Внезапно я вспомнил свою девственно-чистую записную книжку, свой дневник, одинокий вопросительный знак на странице и слова: «Я хочу знать».
Майя не ответила, но в полумраке я видел, как она устроилась в гамаке в той же позе, что и я, и больше мне ничего не было нужно. Я начал говорить, я рассказал Майе все, что знал о Рикардо Лаверде, о чем помнил и что боялся забыть, все, что рассказал мне Лаверде, и все, что я узнал после его смерти. Мы говорили до раннего утра, каждый в своем гамаке, разглядывая крышу, под которой копошились летучие мыши; наполняя словами тишину теплой ночи, но не глядя друг на друга, как священник и грешник на таинстве исповеди.
VI. Все мы беглецы
Уже рассветало, когда я, измученный и полупьяный, почти охрипший от разговоров, позволил Майе Фритц отвести меня в гостевую комнату, ну или в помещение, которое она в ту пору так называла.

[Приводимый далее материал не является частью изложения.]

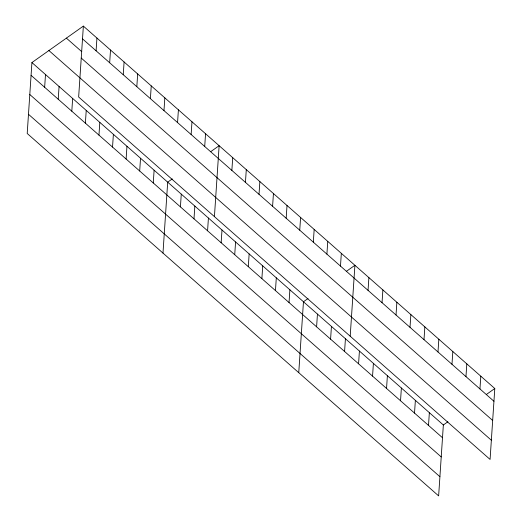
<?xml version="1.0" encoding="UTF-8"?>
<svg xmlns="http://www.w3.org/2000/svg" width="522" height="522" viewBox="0 0 522 522"><rect width="100%" height="100%" fill="white"/><g stroke="black" fill="none" stroke-linecap="round" stroke-linejoin="round"><path stroke-width="0.78" d="M83.363 26.1L78.652 97.02L490.08 459.432L494.791 388.512L83.363 26.1L31.92 62.568L27.209 133.488L438.637 495.9L443.348 424.98L447.915 421.743M44.651 87.285L45.499 74.529M58.229 99.245L59.077 86.489M71.808 111.206L72.649 98.449M85.38 123.166L86.228 110.41M96.094 50.817L96.942 38.06M98.958 135.126L99.806 122.363M109.672 62.777L110.52 50.021M112.537 147.08L113.385 134.324M123.251 74.737L124.092 61.981M126.115 159.04L126.957 146.284M136.823 86.698L137.671 73.941M139.687 171.001L140.535 158.244M150.401 98.651L151.25 85.895M153.266 182.961L154.114 170.205M163.98 110.612L164.828 97.855M162.981 253.085L167.692 182.165L172.26 178.922M177.558 122.572L178.407 109.816M180.423 206.882L181.271 194.125M191.13 134.532L191.979 121.776M193.995 218.842L194.843 206.086M204.709 146.493L205.557 133.736M207.573 230.802L208.422 218.046M214.425 216.617L219.136 145.697L210.647 151.713M221.152 242.763L222 230M231.866 170.413L232.714 157.657M234.73 254.716L235.579 241.96M245.444 182.374L246.286 169.617M248.309 266.677L249.151 253.92M259.016 194.334L259.865 181.578M261.881 278.637L262.729 265.881M272.595 206.288L273.443 193.531M275.459 290.597L276.308 277.841M286.173 218.248L287.022 205.492M289.038 302.558L289.886 289.801M299.752 230.209L300.594 217.452M298.754 372.682L303.465 301.762L308.032 298.519M313.324 242.169L314.172 229.412M316.6 326.837L317.448 314.081M326.902 254.129L327.751 241.373M330.589 339.163L331.437 326.407M340.481 266.089L341.329 253.333M344.579 351.482L345.427 338.726M350.197 336.214L354.908 265.293L346.419 271.31M358.568 363.808L359.417 351.052M368.049 290.369L368.891 277.613M372.558 376.127L373.406 363.371M382.032 302.695L382.88 289.938M386.548 388.446L387.389 375.69M396.022 315.014L396.87 302.258M400.531 400.772L401.379 388.016M410.011 327.34L410.86 314.577M414.52 413.091L415.368 400.335M424.001 339.659L424.849 326.902M428.51 425.417L429.358 412.661M437.991 351.978L438.839 339.222M451.98 364.304L452.822 351.547M465.963 376.623L466.812 363.867M479.953 388.949L480.801 376.192M486.302 394.528L494.791 388.512M82.515 38.856L493.942 401.268M66.385 38.132L81.739 51.652M81.243 58.053L492.67 420.464M48.898 50.536L491.352 440.235M31.92 62.568L443.348 424.98M31.072 75.325L442.499 437.736M29.8 94.521L441.227 456.933M28.488 114.292L439.909 476.703"/></g></svg>

Там не было кровати, стояли две простые, довольно хрупкие на вид раскладушки (моя скрипнула, когда я плюхнулся, как убитый, на матрас, даже не расправив тонкую белую простыню). Над головой яростно вращался вентилятор; видимо, спьяну я выбрал раскладушку, которая стояла не прямо под его лопастями, а чуть в стороне, на тот случай, если вентилятор сорвется посреди ночи и свалится прямо на меня. Но сначала – в тумане сонливости и рома – мне были даны инструкции. Не оставлять окна открытыми без москитной сетки. Не оставлять нигде банки из-под кока-колы (дом кишит муравьями). Не бросать туалетную бумагу в унитаз.
– Это очень важно, а городские всегда забывают, – сказала она так или примерно так. – Мы ходим в туалет автоматически, никто там ни о чем не думает. А я даже не стану перечислять проблемы, которые возникают потом с септиком.
Обсуждение естественных функций моего организма с совершенно чужим человеком меня ничуть не задело. В Майе Фритц была какая-то особая естественность, какую я никогда не встречал раньше, и она, конечно же, очень отличалась от пуритан-боготинцев, всю жизнь делающих вид, что в туалет они не ходят. Кажется, я кивнул в ответ, но не уверен, сказал ли я ей что-нибудь. Нога болела сильнее обычного, болело и бедро. Я списывал это на влажность и усталость после стольких часов езды по непредсказуемой и опасной дороге.